Task prompt » Please repeat, from the entries that follow, the lines from the one containing "#116=CARTESIAN_POINT('',(-3.37749907475932,6.35,38.1));" through the one containing "#123=VECTOR('',#122,1.);" exactly, adding nothing.

[Data excerpts — start]

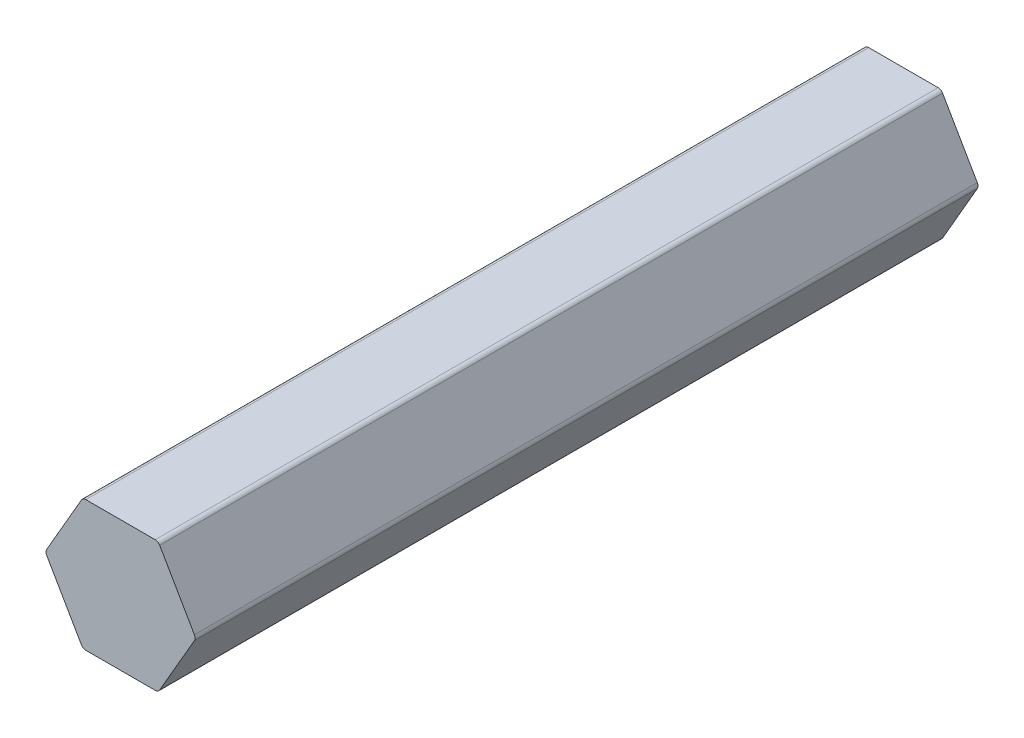
ISO-10303-21;
HEADER;
FILE_DESCRIPTION(('STEP AP214'),'2;1');
FILE_NAME('part.step','',(''),(''),'','','');
FILE_SCHEMA(('AUTOMOTIVE_DESIGN { 1 0 10303 214 1 1 1 1 }'));
ENDSEC;
DATA;
#1=APPLICATION_CONTEXT('core data for automotive mechanical design processes');
#2=APPLICATION_PROTOCOL_DEFINITION('international standard','automotive_design',2000,#1);
#3=PRODUCT_CONTEXT('',#1,'mechanical');
#4=PRODUCT('Part','Part','',(#3));
#5=PRODUCT_RELATED_PRODUCT_CATEGORY('part','',(#4));
#6=PRODUCT_DEFINITION_FORMATION('','',#4);
#7=PRODUCT_DEFINITION_CONTEXT('part definition',#1,'design');
#8=PRODUCT_DEFINITION('design','',#6,#7);
#9=PRODUCT_DEFINITION_SHAPE('','',#8);
#10=(LENGTH_UNIT() NAMED_UNIT(*) SI_UNIT(.MILLI.,.METRE.));
#11=(NAMED_UNIT(*) PLANE_ANGLE_UNIT() SI_UNIT($,.RADIAN.));
#12=(NAMED_UNIT(*) SI_UNIT($,.STERADIAN.) SOLID_ANGLE_UNIT());
#13=UNCERTAINTY_MEASURE_WITH_UNIT(LENGTH_MEASURE(1.E-05),#10,'distance_accuracy_value','');
#14=(GEOMETRIC_REPRESENTATION_CONTEXT(3) GLOBAL_UNCERTAINTY_ASSIGNED_CONTEXT((#13)) GLOBAL_UNIT_ASSIGNED_CONTEXT((#10,
#11,#12)) REPRESENTATION_CONTEXT('',''));
#15=CARTESIAN_POINT('',(0.,0.,0.));
#16=DIRECTION('',(0.,0.,1.));
#17=DIRECTION('',(1.,0.,0.));
#18=AXIS2_PLACEMENT_3D('',#15,#16,#17);
#19=CARTESIAN_POINT('',(3.66617420935413,-6.35,38.1));
#20=DIRECTION('',(-0.866025403784439,0.5,0.));
#21=DIRECTION('',(-0.5,-0.866025403784439,0.));
#22=AXIS2_PLACEMENT_3D('',#19,#20,#21);
#23=PLANE('',#22);
#24=DIRECTION('',(0.5,0.866025403784439,0.));
#25=VECTOR('',#24,1.);
#26=CARTESIAN_POINT('',(3.66617420935413,-6.35,38.1));
#27=LINE('',#26,#25);
#28=CARTESIAN_POINT('',(3.81051177665154,-6.1,38.1));
#29=VERTEX_POINT('',#28);
#30=CARTESIAN_POINT('',(7.18801085141085,-0.249999999999999,38.1));
#31=VERTEX_POINT('',#30);
#32=EDGE_CURVE('E151',#29,#31,#27,.T.);
#33=ORIENTED_EDGE('',*,*,#32,.F.);
#34=DIRECTION('',(0.,0.,-1.));
#35=VECTOR('',#34,1.);
#36=CARTESIAN_POINT('',(3.81051177665154,-6.1,38.1));
#37=LINE('',#36,#35);
#38=CARTESIAN_POINT('',(3.81051177665154,-6.1,-38.1));
#39=VERTEX_POINT('',#38);
#40=EDGE_CURVE('E135',#29,#39,#37,.T.);
#41=ORIENTED_EDGE('',*,*,#40,.T.);
#42=DIRECTION('',(0.5,0.866025403784439,0.));
#43=VECTOR('',#42,1.);
#44=CARTESIAN_POINT('',(3.66617420935413,-6.35,-38.1));
#45=LINE('',#44,#43);
#46=CARTESIAN_POINT('',(7.18801085141085,-0.249999999999999,-38.1));
#47=VERTEX_POINT('',#46);
#48=EDGE_CURVE('E148',#39,#47,#45,.T.);
#49=ORIENTED_EDGE('',*,*,#48,.T.);
#50=DIRECTION('',(0.,0.,-1.));
#51=VECTOR('',#50,1.);
#52=CARTESIAN_POINT('',(7.18801085141085,-0.249999999999999,38.1));
#53=LINE('',#52,#51);
#54=EDGE_CURVE('E154',#47,#31,#53,.F.);
#55=ORIENTED_EDGE('',*,*,#54,.T.);
#56=EDGE_LOOP('',(#33,#41,#49,#55));
#57=FACE_BOUND('',#56,.T.);
#58=ADVANCED_FACE('F39',(#57),#23,.F.);
#59=CARTESIAN_POINT('',(7.33234841870826,0.,38.1));
#60=DIRECTION('',(-0.866025403784438,-0.5,0.));
#61=DIRECTION('',(0.5,-0.866025403784438,0.));
#62=AXIS2_PLACEMENT_3D('',#59,#60,#61);
#63=PLANE('',#62);
#64=DIRECTION('',(-0.5,0.866025403784438,0.));
#65=VECTOR('',#64,1.);
#66=CARTESIAN_POINT('',(7.33234841870826,0.,38.1));
#67=LINE('',#66,#65);
#68=CARTESIAN_POINT('',(7.18801085141085,0.25,38.1));
#69=VERTEX_POINT('',#68);
#70=CARTESIAN_POINT('',(3.81051177665153,6.10000000000001,38.1));
#71=VERTEX_POINT('',#70);
#72=EDGE_CURVE('E244',#69,#71,#67,.T.);
#73=ORIENTED_EDGE('',*,*,#72,.F.);
#74=DIRECTION('',(0.,0.,-1.));
#75=VECTOR('',#74,1.);
#76=CARTESIAN_POINT('',(7.18801085141085,0.25,38.1));
#77=LINE('',#76,#75);
#78=CARTESIAN_POINT('',(7.18801085141085,0.25,-38.1));
#79=VERTEX_POINT('',#78);
#80=EDGE_CURVE('E11',#69,#79,#77,.T.);
#81=ORIENTED_EDGE('',*,*,#80,.T.);
#82=DIRECTION('',(-0.5,0.866025403784438,0.));
#83=VECTOR('',#82,1.);
#84=CARTESIAN_POINT('',(7.33234841870826,0.,-38.1));
#85=LINE('',#84,#83);
#86=CARTESIAN_POINT('',(3.81051177665153,6.10000000000001,-38.1));
#87=VERTEX_POINT('',#86);
#88=EDGE_CURVE('E160',#79,#87,#85,.T.);
#89=ORIENTED_EDGE('',*,*,#88,.T.);
#90=DIRECTION('',(0.,0.,-1.));
#91=VECTOR('',#90,1.);
#92=CARTESIAN_POINT('',(3.81051177665153,6.10000000000001,38.1));
#93=LINE('',#92,#91);
#94=EDGE_CURVE('E48',#87,#71,#93,.F.);
#95=ORIENTED_EDGE('',*,*,#94,.T.);
#96=EDGE_LOOP('',(#73,#81,#89,#95));
#97=FACE_BOUND('',#96,.T.);
#98=ADVANCED_FACE('F243',(#97),#63,.F.);
#99=CARTESIAN_POINT('',(3.66617420935412,6.35000000000001,38.1));
#100=DIRECTION('',(0.,-1.,0.));
#101=DIRECTION('',(1.,0.,0.));
#102=AXIS2_PLACEMENT_3D('',#99,#100,#101);
#103=PLANE('',#102);
#104=DIRECTION('',(-1.,0.,0.));
#105=VECTOR('',#104,1.);
#106=CARTESIAN_POINT('',(3.66617420935412,6.35000000000001,-38.1));
#107=LINE('',#106,#105);
#108=CARTESIAN_POINT('',(3.37749907475931,6.35000000000001,-38.1));
#109=VERTEX_POINT('',#108);
#110=CARTESIAN_POINT('',(-3.37749907475931,6.35,-38.1));
#111=VERTEX_POINT('',#110);
#112=EDGE_CURVE('E164',#109,#111,#107,.T.);
#113=ORIENTED_EDGE('',*,*,#112,.T.);
#114=DIRECTION('',(0.,0.,-1.));
#115=VECTOR('',#114,1.);
#116=CARTESIAN_POINT('',(-3.37749907475932,6.35,38.1));
#117=LINE('',#116,#115);
#118=CARTESIAN_POINT('',(-3.37749907475931,6.35,38.1));
#119=VERTEX_POINT('',#118);
#120=EDGE_CURVE('E236',#111,#119,#117,.F.);
#121=ORIENTED_EDGE('',*,*,#120,.T.);
#122=DIRECTION('',(-1.,0.,0.));
#123=VECTOR('',#122,1.);
#124=CARTESIAN_POINT('',(3.66617420935412,6.35000000000001,38.1));
#125=LINE('',#124,#123);
#126=CARTESIAN_POINT('',(3.37749907475931,6.35000000000001,38.1));
#127=VERTEX_POINT('',#126);
#128=EDGE_CURVE('E254',#127,#119,#125,.T.);
#129=ORIENTED_EDGE('',*,*,#128,.F.);
#130=DIRECTION('',(0.,0.,-1.));
#131=VECTOR('',#130,1.);
#132=CARTESIAN_POINT('',(3.37749907475931,6.35000000000001,38.1));
#133=LINE('',#132,#131);
#134=EDGE_CURVE('E232',#127,#109,#133,.T.);
#135=ORIENTED_EDGE('',*,*,#134,.T.);
#136=EDGE_LOOP('',(#113,#121,#129,#135));
#137=FACE_BOUND('',#136,.T.);
#138=ADVANCED_FACE('F259',(#137),#103,.F.);
#139=CARTESIAN_POINT('',(-3.66617420935413,6.35,38.1));
#140=DIRECTION('',(0.866025403784439,-0.5,0.));
#141=DIRECTION('',(0.5,0.866025403784439,0.));
#142=AXIS2_PLACEMENT_3D('',#139,#140,#141);
#143=PLANE('',#142);
#144=DIRECTION('',(-0.5,-0.866025403784439,0.));
#145=VECTOR('',#144,1.);
#146=CARTESIAN_POINT('',(-3.66617420935413,6.35,-38.1));
#147=LINE('',#146,#145);
#148=CARTESIAN_POINT('',(-3.81051177665154,6.1,-38.1));
#149=VERTEX_POINT('',#148);
#150=CARTESIAN_POINT('',(-7.18801085141085,0.249999999999999,-38.1));
#151=VERTEX_POINT('',#150);
#152=EDGE_CURVE('E173',#149,#151,#147,.T.);
#153=ORIENTED_EDGE('',*,*,#152,.T.);
#154=DIRECTION('',(0.,0.,-1.));
#155=VECTOR('',#154,1.);
#156=CARTESIAN_POINT('',(-7.18801085141085,0.250000000000001,38.1));
#157=LINE('',#156,#155);
#158=CARTESIAN_POINT('',(-7.18801085141085,0.249999999999999,38.1));
#159=VERTEX_POINT('',#158);
#160=EDGE_CURVE('E229',#151,#159,#157,.F.);
#161=ORIENTED_EDGE('',*,*,#160,.T.);
#162=DIRECTION('',(-0.5,-0.866025403784439,0.));
#163=VECTOR('',#162,1.);
#164=CARTESIAN_POINT('',(-3.66617420935413,6.35,38.1));
#165=LINE('',#164,#163);
#166=CARTESIAN_POINT('',(-3.81051177665154,6.1,38.1));
#167=VERTEX_POINT('',#166);
#168=EDGE_CURVE('E270',#167,#159,#165,.T.);
#169=ORIENTED_EDGE('',*,*,#168,.F.);
#170=DIRECTION('',(0.,0.,-1.));
#171=VECTOR('',#170,1.);
#172=CARTESIAN_POINT('',(-3.81051177665154,6.1,38.1));
#173=LINE('',#172,#171);
#174=EDGE_CURVE('E225',#167,#149,#173,.T.);
#175=ORIENTED_EDGE('',*,*,#174,.T.);
#176=EDGE_LOOP('',(#153,#161,#169,#175));
#177=FACE_BOUND('',#176,.T.);
#178=ADVANCED_FACE('F268',(#177),#143,.F.);
#179=CARTESIAN_POINT('',(-7.33234841870825,0.,38.1));
#180=DIRECTION('',(0.866025403784438,0.500000000000001,0.));
#181=DIRECTION('',(-0.500000000000001,0.866025403784438,0.));
#182=AXIS2_PLACEMENT_3D('',#179,#180,#181);
#183=PLANE('',#182);
#184=DIRECTION('',(0.5,-0.866025403784438,0.));
#185=VECTOR('',#184,1.);
#186=CARTESIAN_POINT('',(-7.33234841870825,0.,-38.1));
#187=LINE('',#186,#185);
#188=CARTESIAN_POINT('',(-7.18801085141085,-0.249999999999999,-38.1));
#189=VERTEX_POINT('',#188);
#190=CARTESIAN_POINT('',(-3.81051177665153,-6.10000000000001,-38.1));
#191=VERTEX_POINT('',#190);
#192=EDGE_CURVE('E177',#189,#191,#187,.T.);
#193=ORIENTED_EDGE('',*,*,#192,.T.);
#194=DIRECTION('',(0.,0.,-1.));
#195=VECTOR('',#194,1.);
#196=CARTESIAN_POINT('',(-3.81051177665153,-6.10000000000001,38.1));
#197=LINE('',#196,#195);
#198=CARTESIAN_POINT('',(-3.81051177665153,-6.10000000000001,38.1));
#199=VERTEX_POINT('',#198);
#200=EDGE_CURVE('E55',#191,#199,#197,.F.);
#201=ORIENTED_EDGE('',*,*,#200,.T.);
#202=DIRECTION('',(0.5,-0.866025403784438,0.));
#203=VECTOR('',#202,1.);
#204=CARTESIAN_POINT('',(-7.33234841870825,0.,38.1));
#205=LINE('',#204,#203);
#206=CARTESIAN_POINT('',(-7.18801085141085,-0.249999999999999,38.1));
#207=VERTEX_POINT('',#206);
#208=EDGE_CURVE('E272',#207,#199,#205,.T.);
#209=ORIENTED_EDGE('',*,*,#208,.F.);
#210=DIRECTION('',(0.,0.,-1.));
#211=VECTOR('',#210,1.);
#212=CARTESIAN_POINT('',(-7.18801085141085,-0.249999999999999,38.1));
#213=LINE('',#212,#211);
#214=EDGE_CURVE('E219',#207,#189,#213,.T.);
#215=ORIENTED_EDGE('',*,*,#214,.T.);
#216=EDGE_LOOP('',(#193,#201,#209,#215));
#217=FACE_BOUND('',#216,.T.);
#218=ADVANCED_FACE('F308',(#217),#183,.F.);
#219=CARTESIAN_POINT('',(-3.66617420935412,-6.35,38.1));
#220=DIRECTION('',(0.,1.,0.));
#221=DIRECTION('',(-1.,0.,0.));
#222=AXIS2_PLACEMENT_3D('',#219,#220,#221);
#223=PLANE('',#222);
#224=DIRECTION('',(1.,0.,0.));
#225=VECTOR('',#224,1.);
#226=CARTESIAN_POINT('',(-3.66617420935412,-6.35,-38.1));
#227=LINE('',#226,#225);
#228=CARTESIAN_POINT('',(-3.37749907475931,-6.35,-38.1));
#229=VERTEX_POINT('',#228);
#230=CARTESIAN_POINT('',(3.37749907475932,-6.35,-38.1));
#231=VERTEX_POINT('',#230);
#232=EDGE_CURVE('E180',#229,#231,#227,.T.);
#233=ORIENTED_EDGE('',*,*,#232,.T.);
#234=DIRECTION('',(0.,0.,-1.));
#235=VECTOR('',#234,1.);
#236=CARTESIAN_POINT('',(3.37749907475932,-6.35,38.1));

[Data excerpts — finish]

Completed exercise »
#116=CARTESIAN_POINT('',(-3.37749907475932,6.35,38.1));
#117=LINE('',#116,#115);
#118=CARTESIAN_POINT('',(-3.37749907475931,6.35,38.1));
#119=VERTEX_POINT('',#118);
#120=EDGE_CURVE('E236',#111,#119,#117,.F.);
#121=ORIENTED_EDGE('',*,*,#120,.T.);
#122=DIRECTION('',(-1.,0.,0.));
#123=VECTOR('',#122,1.);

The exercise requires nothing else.